**What you need to do:**
Would you copy every line of the listing below that includes the word "vertical"?

** Material shown follows **

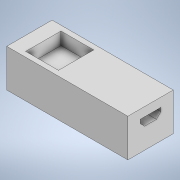
# Autodesk Inventor part: U2D2
Saved by Autodesk Inventor 2022 (Build 260153000, 153)
## iProperties
Created: 2021-09-20
Part Number: U2D2
Material: Generic
Document SubType Name: Modeling
Designer: kylem
Density: 1 g/cm^3
Appearance: Default
Author: kylem
Autodesk Inventor part; units mm, degrees
ref_plane "YZ Plane" through (0, 0, 0) normal (1, 0, 0) x (0, 1, 0)
ref_plane "XZ Plane" through (0, 0, 0) normal (0, 1, 0) x (-1, 0, 0)
ref_plane "XY Plane" through (0, 0, 0) normal (0, 0, 1) x (1, 0, 0)
sketch "Sketch1" plane through (0, 0, 0) normal (0, 1, 0) x (-1, 0, 0)
  line L0 (0, 0) -> (48, 0)
  line L1 (48, 0) -> (48, -18)
  line L2 (48, -18) -> (0, -18)
  line L3 (0, -18) -> (0, 0)
  dimension "d0" = 48
  dimension "d1" = 18
  constraints: 8 end point, 2 parallel, 1 horizontal, 1 perpendicular
  measures "d0" distance of L1.end L2.end
  measures "d1" distance of L0.end L1.end
extrude "Extrusion1" add sketch "Sketch1" along normal blind 15
sketch "Sketch2" plane through (0, 15, 0) normal (0, 1, 0) x (1, 0, 0)
  line L0 (-48, 18) -> (-48, 0) projected
  line L1 (-48, 0) -> (-42.5, 0)
  line L2 (-48, 0) -> (0, 0) projected
  line L3 (-42.5, 0) -> (-42.5, 2)
  line L4 (-42.5, 2) -> (-29.5, 2)
  line L5 (-29.5, 2) -> (-29.5, 16)
  line L6 (-42.5, 2) -> (-42.5, 16)
  line L7 (-42.5, 16) -> (-29.5, 16)
  dimension "d4" = 5.5
  dimension "d5" = 2
  dimension "d6" = 13
  dimension "d7" = 14
  constraints: 12 end point, 4 perpendicular, 1 point on line, 1 vertical
  measures "d4" distance of L0.end L1.end
  measures "d5" distance of L1.end L3.end
  measures "d6" distance of L3.end L4.end
  measures "d7" distance of L4.end L5.end
extrude "Extrusion2" cut sketch "Sketch2" against normal blind 5
sketch "Sketch3" plane through (0, 0, 0) normal (1, 0, 0) x (0, 0, -1)
  line L0 (0, 0) -> (0, 15)
  line L1 (0, 15) -> (18, 15)
  line L2 (16, 15) -> (2, 15) projected
  line L3 (9, 15) -> (9, 11.5)
  line L4 (9, 11.5) -> (13.1, 11.5)
  line L5 (13.1, 11.5) -> (4.9, 11.5)
  line L6 (4.9, 11.5) -> (4.9, 8.25)
  line L7 (4.9, 8.25) -> (13.1, 8.25)
  line L8 (13.1, 8.25) -> (13.1, 11.5)
  line L9 (16, 10) -> (2, 10) projected
  line L10 (4.9, 10) -> (7.1782, 7.7218)
  line L11 (4.9, 10) -> (8.1218, 10) construction
  line L12 (13.1, 10) -> (10.403, 7.303)
  line L13 (13.1, 10) -> (16.9142, 10) construction
  point P0 (11.35, 8.25)
  point P1 (6.65, 8.25)
  dimension "d10" = 18
  dimension "d11" = 3.5
  dimension "d12" = 4.1
  dimension "d13" = 8.2
  dimension "d14" = 3.25
  dimension "d15" = 45
  dimension "d16" = 135
  constraints: 24 end point, 5 point on line, 3 horizontal, 3 perpendicular, 2 equal length, 1 collinear, 1 midpoint, 1 vertical
  measures "d10" distance of L0.end L1.end
  measures "d11" distance of L3.start L3.end
  measures "d12" distance of L3.end L4.end
  measures "d13" distance of L4.end L5.end
  measures "d14" distance of L5.end L6.end
  measures "d15" angle of L10 L11
  measures "d16" angle of L12 L13
extrude "Extrusion3" cut sketch "Sketch3" against normal blind 5 contours L4 L8 L9 L6 L5 | L12 L7 L10 L9
body "Solid1"

** End of Material shown **

**Solution to this exercise:**
  constraints: 12 end point, 4 perpendicular, 1 point on line, 1 vertical
  constraints: 24 end point, 5 point on line, 3 horizontal, 3 perpendicular, 2 equal length, 1 collinear, 1 midpoint, 1 vertical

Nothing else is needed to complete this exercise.